The Liberal Democrat Treasury spokesman Lord Oakeshott, who has campaigned for non-doms to be taxed, said: "Taxpayers peering into the Northern Rock black hole will insist Mr Sandler pays full British tax on the £1.08m a year we pay him. He is the top-paid British civil servant by a mile and he must only get a performance fee when Northern Rock has paid every penny of our cash back."

Yesterday the Government pushed ahead with legislation to nationalise Northern Rock despite howls of protest from MPs of all parties that the Bill was being forced through in a matter of hours. MPs had only four hours to debate the principle of nationalisation. Detailed debate on the legislation – which gives ministers the theoretical power to take any crisis-hit bank into public ownership – was allocated less than an hour-and-a-half. Peers will debate the Bill today before the Bill returns to the Commons on Thursday when MPs will have just one hour to discuss any amendments from the Lords.

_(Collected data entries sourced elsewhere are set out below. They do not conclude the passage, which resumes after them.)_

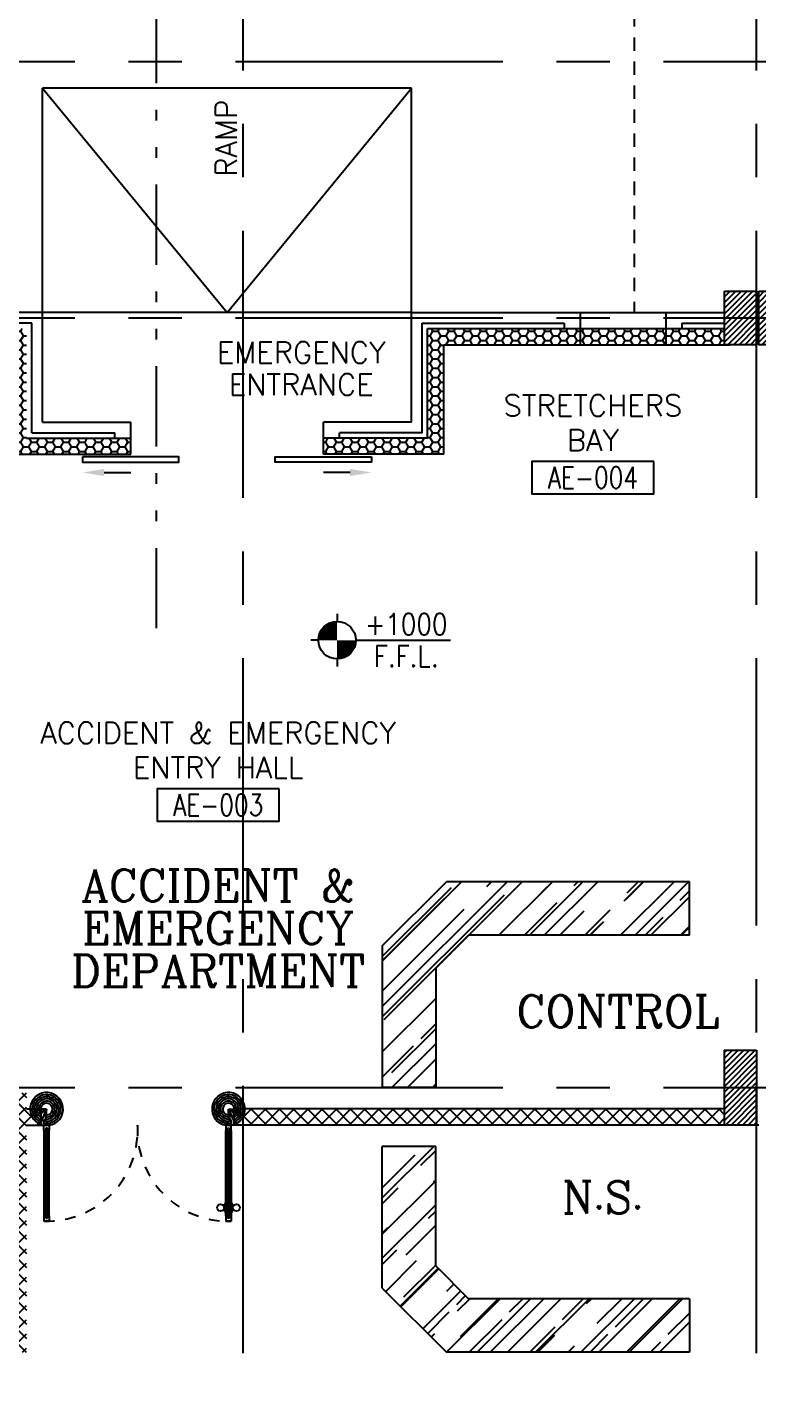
# Model space of a CAD drawing. Extents: x 417819.9 to 417911.9, y 43448 to 43539.2.
# Drawn here: x 417866.66 to 417873.49, y 43515.65 to 43528.41 of the extents above; entities that cross this region are included whole.
import ezdxf
from ezdxf.enums import TextEntityAlignment as Align

# ---------------------------------------------------------------- set-up
doc = ezdxf.new("R2010")
doc.units = 0
doc.header["$MEASUREMENT"] = 0
doc.header["$PDMODE"] = 3
doc.header["$PDSIZE"] = 0.1
for name, pattern in [('2DASHES', [1.7, 0.75, -0.25, 0.1, -0.25, 0.1, -0.25]), ('CENTERX2', [4, 2.5, -0.5, 0.5, -0.5]), ('HIDDEN', [0.375, 0.25, -0.125]), ('HIDDEN2', [0.1875, 0.125, -0.0625])]:
    doc.linetypes.add(name, pattern=pattern)
doc.layers.get('0').update_dxf_attribs({"linetype": 'CONTINUOUS'})
doc.layers.get('DEFPOINTS').update_dxf_attribs({"linetype": 'CONTINUOUS'})
for name, color, linetype in [('AX-DIM', 4, 'CONTINUOUS'), ('AXES', 11, 'CENTERX2'), ('COL', 2, 'CONTINUOUS'), ('COUNTER', 5, 'CONTINUOUS'), ('DOOR', 4, 'CONTINUOUS'), ('HAT', 8, 'CONTINUOUS'), ('Hatch', 11, 'CONTINUOUS'), ('HIDDEN', 9, 'HIDDEN2'), ('IND-ES-L', 6, '2DASHES'), ('INSUL', 7, 'CONTINUOUS'), ('LEV-PL', 4, 'CONTINUOUS'), ('PART', 9, 'CONTINUOUS'), ('RM-BOX', 2, 'CONTINUOUS'), ('RM-NAME', 2, 'CONTINUOUS'), ('RM-NO', 2, 'CONTINUOUS'), ('SHAFT', 7, 'CONTINUOUS'), ('SLOPE', 8, 'CONTINUOUS'), ('STR', 5, 'CONTINUOUS'), ('WALL', 2, 'CONTINUOUS'), ('WallType', 11, 'CONTINUOUS'), ('WallType2', 3, 'CONTINUOUS'), ('WIN', 7, 'CONTINUOUS')]:
    doc.layers.add(name, color=color, linetype=linetype)
doc.styles.add('ROMANC', font='romanc', dxfattribs={"height": 0.1})
doc.styles.add('ROMANS', font='ROMANS.shx', dxfattribs={"width": 0.6})
doc.styles.add('S', font='ROMANS.SHX')
doc.dimstyles.new('STANDARD in', dxfattribs={"dimtxt": 0.2, "dimasz": 0.1, "dimexe": 0.07, "dimexo": 0.05, "dimgap": 0.1, "dimtad": 1, "dimdec": 0, "dimlfac": 1000, "dimzin": 0, "dimdsep": 46, "dimtxsty": 'ROMANS', "dimblk": 'ARCHTICK', "dimcen": 0.05, "dimdle": 0.05, "dimclrd": 4, "dimclre": 4, "dimclrt": 2, "dimadec": 0, "dimazin": 0, "dimtfac": 1, "dimtdec": 0, "dimtmove": 2, "dimatfit": 3, "dimfxl": 0, "dimtolj": 1, "dimtzin": 0, "dimarcsym": 0})
pattern_1 = [(45, (0, 0), (-0.066291260736, 0.066291260736), []), (135, (0, 0), (-0.066291260736, -0.066291260736), [])]
pattern_2 = [(0, (0, 0), (0.075, 0.04330127), [0.05, -0.1]), (120, (0, 0), (-0.074999999836, 0.043301270284), [0.05, -0.1]), (60, (0, 0), (1.64e-10, 0.086602540284), [-0.1, 0.05])]

# ---------------------------------------------------------------- blocks, each defined once
blk = doc.blocks.new('RM1')
at = {"layer": 'RM-BOX'}
blk.add_lwpolyline([(570, -200), (-570, -200), (-570, -500), (570, -500)], close=True, dxfattribs=at)
at = {"layer": 'RM-NAME', "style": 'ROMANS'}
for tag, p in [('ROOMNAME1', (0, 324)), ('ROOMNAME2', (0, 0))]:
    blk.add_attdef(tag, text='', height=200, dxfattribs=at).set_placement(p, align=Align.MIDDLE)
at = {"layer": 'RM-NO', "style": 'ROMANS', "width": 0.8}
blk.add_attdef('ROOMNO', text='', height=200, dxfattribs=at).set_placement((0, -350), align=Align.MIDDLE)
blk = doc.blocks.new('_ARCHTICK')
at = {"color": 0, "linetype": 'ByBlock', "const_width": 0.15}
blk.add_lwpolyline([(-0.5, -0.5), (0.5, 0.5)], dxfattribs=at)
blk = doc.blocks.new('*D477')
at = {"layer": 'AX-DIM', "color": 4, "lineweight": -2}
for p, q in [((417831.157, 43537.937), (417906.573, 43537.937)), ((417831.207, 43525.809), (417831.207, 43538.007)), ((417906.523, 43536.567), (417906.523, 43538.007))]:
    blk.add_line(p, q, dxfattribs=at)
at = {"layer": 'DEFPOINTS', "color": 0}
for p in [(417906.523, 43537.937), (417906.523, 43536.517), (417831.207, 43525.759)]:
    blk.add_point(p, dxfattribs=at)
at = {"layer": 'AX-DIM', "color": 4, "lineweight": -2, "xscale": 0.1, "yscale": 0.1, "zscale": 0.1, "rotation": 180}
blk.add_blockref('_ARCHTICK', (417831.207, 43537.937), dxfattribs=at)
at = {"layer": 'AX-DIM', "color": 4, "lineweight": -2, "xscale": 0.1, "yscale": 0.1, "zscale": 0.1}
blk.add_blockref('_ARCHTICK', (417906.523, 43537.937), dxfattribs=at)
at = {"layer": 'AX-DIM', "color": 2, "insert": (417869.829, 43538.16), "char_height": 0.2, "attachment_point": 5, "style": 'ROMANS'}
blk.add_mtext('\\A1;75316', dxfattribs=at)
blk = doc.blocks.new('LEV1')
at = {"layer": 'LEV-PL'}
for p, q in [((0, 245), (0, 175)), ((-175, 0), (-245, 0)), ((175, 0), (1061, 0)), ((0, -175), (0, -245))]:
    blk.add_line(p, q, dxfattribs=at)
at = {"layer": 'LEV-PL', "const_width": 175}
for points in [[(-88, 0, -0.414214), (0, 88, -1)], [(88, 0, -0.414214), (0, -88, -1)]]:
    blk.add_lwpolyline(points, format="xyb", dxfattribs=at)
at = {"layer": 'LEV-PL'}
blk.add_circle((0, 0), 175, dxfattribs=at)
at = {"layer": 'LEV-PL', "color": 4, "style": 'S', "width": 0.85}
for tag, p in [('+0000', (646, 50)), ('F.F.L.', (646, -250))]:
    blk.add_attdef(tag, text='', height=200, dxfattribs=at).set_placement(p, align=Align.CENTER)
blk = doc.blocks.new('C-300')
at = {"layer": 'HAT', "linetype": 'ByBlock', "ltscale": 0.3}
h = blk.add_hatch(dxfattribs=at)
h.set_pattern_fill('ANSI31', color=8, scale=300, style=0)
h.set_pattern_definition([(45, (-258496.182, -82361.005), (-26.5165043, 26.5165043), [])])
h.paths.add_polyline_path([(300, 500), (0, 500), (0, 250), (300, 250)])
h.paths.add_polyline_path([(300, 250), (0, 250), (0, 0), (300, 0)])
at = {"layer": 'COL'}
blk.add_lwpolyline([(0, 500), (300, 500), (300, 0), (0, 0)], close=True, dxfattribs=at)
blk = doc.blocks.new('C-300A')
at = {"layer": 'SHAFT', "color": 6, "linetype": 'ByBlock', "ltscale": 0.3}
for p in [(-300, 0), (20, 0)]:
    blk.add_blockref('C-300', p, dxfattribs=at)
blk = doc.blocks.new('A$C272A55A0')
at = {"layer": 'DOOR', "color": 0, "linetype": 'ByBlock'}
for p, q in [((0, 900), (0, 1050)), ((50, 1050), (0, 1050)), ((50, 950), (50, 1050)), ((1750, 950), (1750, 1050)), ((1750, 1050), (1800, 1050)), ((1800, 1050), (1800, 900)), ((0, 900), (25, 900)), ((25, 950), (50, 950)), ((25, 900), (25, 950)), ((75, 900), (25, 900)), ((25, 850), (25, 900)), ((75, 900), (75, 850)), ((1725, 900), (1775, 900)), ((1725, 900), (1725, 850)), ((1775, 950), (1750, 950)), ((1775, 900), (1775, 950)), ((1800, 900), (1775, 900)), ((1775, 850), (1775, 900)), ((42, 850), (25, 850)), ((58, 870), (42, 870)), ((42, 870), (42, 850)), ((58, 850), (58, 870)), ((75, 850), (58, 850)), ((1725, 850), (1742, 850)), ((1742, 870), (1758, 870)), ((1742, 850), (1742, 870)), ((1758, 870), (1758, 850)), ((1758, 850), (1775, 850)), ((1718, 160), (1709, 160)), ((1709, 95), (1709, 160)), ((1725, 173), (1718, 173)), ((1718, 173), (1718, 83)), ((1718, 95), (1718, 160)), ((1775, 173), (1782, 173)), ((1782, 173), (1782, 83)), ((1782, 160), (1791, 160)), ((1782, 95), (1782, 160)), ((1791, 95), (1791, 160)), ((25, 50), (42, 50)), ((25, 50), (25, 0)), ((25, 0), (75, 0)), ((75, 0), (25, 0)), ((42, 50), (42, 30)), ((42, 30), (58, 30)), ((58, 50), (75, 50)), ((58, 50), (58, 30)), ((75, 50), (75, 0)), ((1718, 95), (1709, 95)), ((1725, 83), (1718, 83)), ((1742, 50), (1725, 50)), ((1725, 50), (1725, 0)), ((1775, 0), (1725, 0)), ((1725, 0), (1775, 0)), ((1742, 50), (1742, 30)), ((1758, 30), (1742, 30)), ((1775, 50), (1758, 50)), ((1758, 50), (1758, 30)), ((1775, 83), (1782, 83)), ((1775, 50), (1775, 0)), ((1782, 95), (1791, 95))]:
    blk.add_line(p, q, dxfattribs=at)
at = {"layer": 'DOOR', "color": 9, "linetype": 'ByBlock'}
for p, q in [((50, 1050), (0, 1010)), ((50, 1050), (0, 937)), ((50, 1050), (37, 950)), ((1750, 1050), (1800, 1010)), ((1750, 1050), (1800, 937)), ((1750, 1050), (1763, 950))]:
    blk.add_line(p, q, dxfattribs=at)
at = {"layer": 'DOOR', "linetype": 'ByBlock'}
for p, q in [((25, 850), (25, 50)), ((42, 850), (42, 50)), ((58, 850), (58, 50)), ((75, 50), (75, 850)), ((1725, 50), (1725, 850)), ((1742, 850), (1742, 50)), ((1758, 850), (1758, 50)), ((1775, 850), (1775, 50))]:
    blk.add_line(p, q, dxfattribs=at)
at = {"layer": 'DOOR', "color": 0, "linetype": 'ByBlock'}
for centre in [(1676, 128), (1824, 128)]:
    blk.add_circle(centre, 32.4, dxfattribs=at)
at = {"layer": 'DOOR', "color": 9, "linetype": 'ByBlock'}
for centre, radius, start, end in [((50, 1050), 54.4, 203.2074, 270), ((50, 1050), 34.4, 180, 270), ((50, 1050), 14.4, 180, 270), ((1750, 1050), 14.4, 270, 0), ((1750, 1050), 34.4, 270, 0), ((1750, 1050), 54.4, 270, 336.7926), ((50, 1050), 74.4, 227.7764, 270), ((50, 1050), 94.4, 238.0182, 270), ((50, 1050), 114, 244.0838, 257.3774), ((50, 1050), 134, 248.1598, 259.28), ((50, 1050), 154, 251.1053, 256.2858), ((1750, 1050), 74.4, 270, 312.2236), ((1750, 1050), 94.4, 270, 301.9818), ((1750, 1050), 114, 282.6226, 295.9162), ((1750, 1050), 134, 280.72, 291.8402), ((1750, 1050), 154, 283.7142, 288.8947)]:
    blk.add_arc(centre, radius, start, end, dxfattribs=at)
at = {"layer": 'DOOR', "linetype": 'HIDDEN', "ltscale": 0.5}
for centre, start, end in [((50, 851), 268.3174, 3.2965), ((1750, 851), 176.7035, 271.6826)]:
    blk.add_arc(centre, 851, start, end, dxfattribs=at)
at = {"layer": 'WALL', "linetype": 'ByBlock'}
blk.add_line((1800, 900), (1800, 1050), dxfattribs=at)

msp = doc.modelspace()

# ---------------------------------------------------------------- hatches: boundary and pattern name
at = {"layer": 'HAT'}
h = msp.add_hatch(dxfattribs=at)
h.set_pattern_fill('ANSI31', color=256, scale=0.3, style=0)
h.set_pattern_definition([(45, (417489.731385, 43455.963322), (-0.0265165043, 0.0265165043), [])])
h.paths.add_polyline_path([(417873.4766, 43518.4943), (417873.4766, 43518.8443), (417873.1766, 43518.8443), (417873.1766, 43518.4943)])
h.paths.add_polyline_path([(417873.1766, 43518.1443), (417873.4766, 43518.1443), (417873.4766, 43518.4943), (417873.1766, 43518.4943)])
at = {"layer": 'Hatch'}
h = msp.add_hatch(dxfattribs=at)
h.set_pattern_fill('AR-RROOF', color=256, scale=0.3, angle=405, style=0)
h.set_pattern_definition([(45, (417479.15587, 43455.96332), (0.25455844, 0.6788225), [4.5, -0.6, 1.5, -0.3]), (45, (417479.33194, 43456.35152), (-0.49426764, 0.07000357), [0.9, -0.099, 1.8, -0.225]), (45, (417479.08162, 43456.2497), (0.96095812, 1.24521504), [2.4, -0.42, 1.2, -0.3])])
h.paths.add_polyline_path([(417869.9769, 43518.4953), (417870.4769, 43518.4953), (417870.4769, 43519.6122), (417870.784, 43519.9193), (417872.8495, 43519.9193), (417872.8495, 43520.4193), (417870.5769, 43520.4193), (417869.9769, 43519.8193)])
h.paths.add_polyline_path([(417869.9769, 43516.6193), (417870.5769, 43516.0193), (417872.8495, 43516.0193), (417872.8495, 43516.5193), (417870.784, 43516.5193), (417870.4769, 43516.8264), (417870.4769, 43517.9433), (417869.9769, 43517.9433)])
at = {"layer": 'WallType'}
h = msp.add_hatch(dxfattribs=at)
h.set_pattern_fill('ANSI37', color=256, scale=0.75, style=0)
h.set_pattern_definition(pattern_1)
h.paths.add_polyline_path([(417866.79, 43518.2943), (417866.6516, 43518.2943), (417866.6516, 43518.4443), (417866.5016, 43518.4443), (417866.5016, 43518.2943), (417864.1766, 43518.2943), (417864.1766, 43518.1443), (417866.5016, 43518.1443), (417866.5016, 43516.1693), (417866.3516, 43516.1693), (417866.3516, 43516.0193), (417866.6516, 43516.0193), (417866.6516, 43518.1443), (417866.79, 43518.1443)])
h = msp.add_hatch(dxfattribs=at)
h.set_pattern_fill('ANSI37', color=256, scale=0.75, style=0)
h.set_pattern_definition(pattern_1)
h.paths.add_polyline_path([(417873.1766, 43518.2943), (417868.59, 43518.2943), (417868.59, 43518.1443), (417873.1766, 43518.1443)])
at = {"layer": 'WallType2'}
h = msp.add_hatch(dxfattribs=at)
h.set_pattern_fill('HONEY', color=256, scale=0.4, style=0)
h.set_pattern_definition(pattern_2)
h.paths.add_polyline_path([(417866.6516, 43525.5943), (417865.5266, 43525.5943), (417865.5266, 43525.4443), (417866.5016, 43525.4443), (417866.5016, 43524.4193), (417867.6266, 43524.4193), (417867.6266, 43524.5693), (417866.6516, 43524.5693)])
h = msp.add_hatch(dxfattribs=at)
h.set_pattern_fill('HONEY', color=256, scale=0.4, style=0)
h.set_pattern_definition(pattern_2)
h.paths.add_polyline_path([(417870.5516, 43525.4443), (417871.8266, 43525.4443), (417871.8266, 43525.5943), (417870.4016, 43525.5943), (417870.4016, 43524.5693), (417869.4266, 43524.5693), (417869.4266, 43524.4193), (417870.5516, 43524.4193)])
h = msp.add_hatch(dxfattribs=at)
h.set_pattern_fill('HONEY', color=256, scale=0.4, style=0)
h.set_pattern_definition(pattern_2)
h.paths.add_polyline_path([(417872.6266, 43525.5943), (417871.8266, 43525.5943), (417871.8266, 43525.4443), (417872.6266, 43525.4443)])
h = msp.add_hatch(dxfattribs=at)
h.set_pattern_fill('HONEY', color=256, scale=0.4, style=0)
h.set_pattern_definition(pattern_2)
h.paths.add_polyline_path([(417873.1766, 43525.5943), (417872.6266, 43525.5943), (417872.6266, 43525.4443), (417873.1766, 43525.4443)])

# ---------------------------------------------------------------- linework, layer by layer
at = {"layer": 'AXES'}
for p, q in [((417868.6766, 43460.01), (417868.6766, 43538.3443)), ((417873.4766, 43460.01), (417873.4766, 43538.1375)), ((417820.6052, 43528.0943), (417889.6966, 43528.0943)), ((417820.6052, 43525.6943), (417889.6966, 43525.6943)), ((417820.6052, 43518.4943), (417889.6966, 43518.4943))]:
    msp.add_line(p, q, dxfattribs=at)
at = {"layer": 'COL'}
msp.add_lwpolyline([(417873.4766, 43518.8443), (417873.4766, 43518.1443), (417873.1766, 43518.1443), (417873.1766, 43518.8443)], close=True, dxfattribs=at)
at = {"layer": 'COUNTER'}
for p, q in [((417869.9769, 43519.8193), (417870.5769, 43520.4193)), ((417872.8495, 43520.4193), (417870.5769, 43520.4193)), ((417872.8495, 43519.9193), (417872.8495, 43520.4193)), ((417870.4769, 43519.6122), (417870.784, 43519.9193)), ((417872.8495, 43519.9193), (417870.784, 43519.9193)), ((417869.9769, 43519.8193), (417869.9769, 43518.4953)), ((417870.4769, 43519.6122), (417870.4769, 43518.4953)), ((417870.4769, 43518.4953), (417869.9769, 43518.4953)), ((417869.9769, 43516.6193), (417869.9769, 43517.9433)), ((417870.4769, 43517.9433), (417869.9769, 43517.9433)), ((417870.4769, 43516.8264), (417870.4769, 43517.9433)), ((417870.4769, 43516.8264), (417870.784, 43516.5193)), ((417869.9769, 43516.6193), (417870.5769, 43516.0193)), ((417872.8495, 43516.5193), (417870.784, 43516.5193)), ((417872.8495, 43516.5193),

Philip Hammond, the shadow Chief Secretary to the Treasury, said the debate was a "travesty of a scrutiny process".

But Alistair Darling, the Chancellor, insisted: "It is essential we proceed quickly... It is impossible to run a bank – let alone any other company – unless it is clear who is in charge of that bank."

George Osborne, the shadow Chancellor, said: "We don't know how much we are buying this bank for, we don't know what we are buying in terms of its assets and liabilities, we don't know how long we are buying it for. What does the Government plan to do with it once it's been bought?"

Meanwhile union leaders held talks with MPs from the North-east, amid demands for a ban on compulsory redundancies. Leaders of the banking industry also expressed concern that the nationalisation would lead to unfair competition.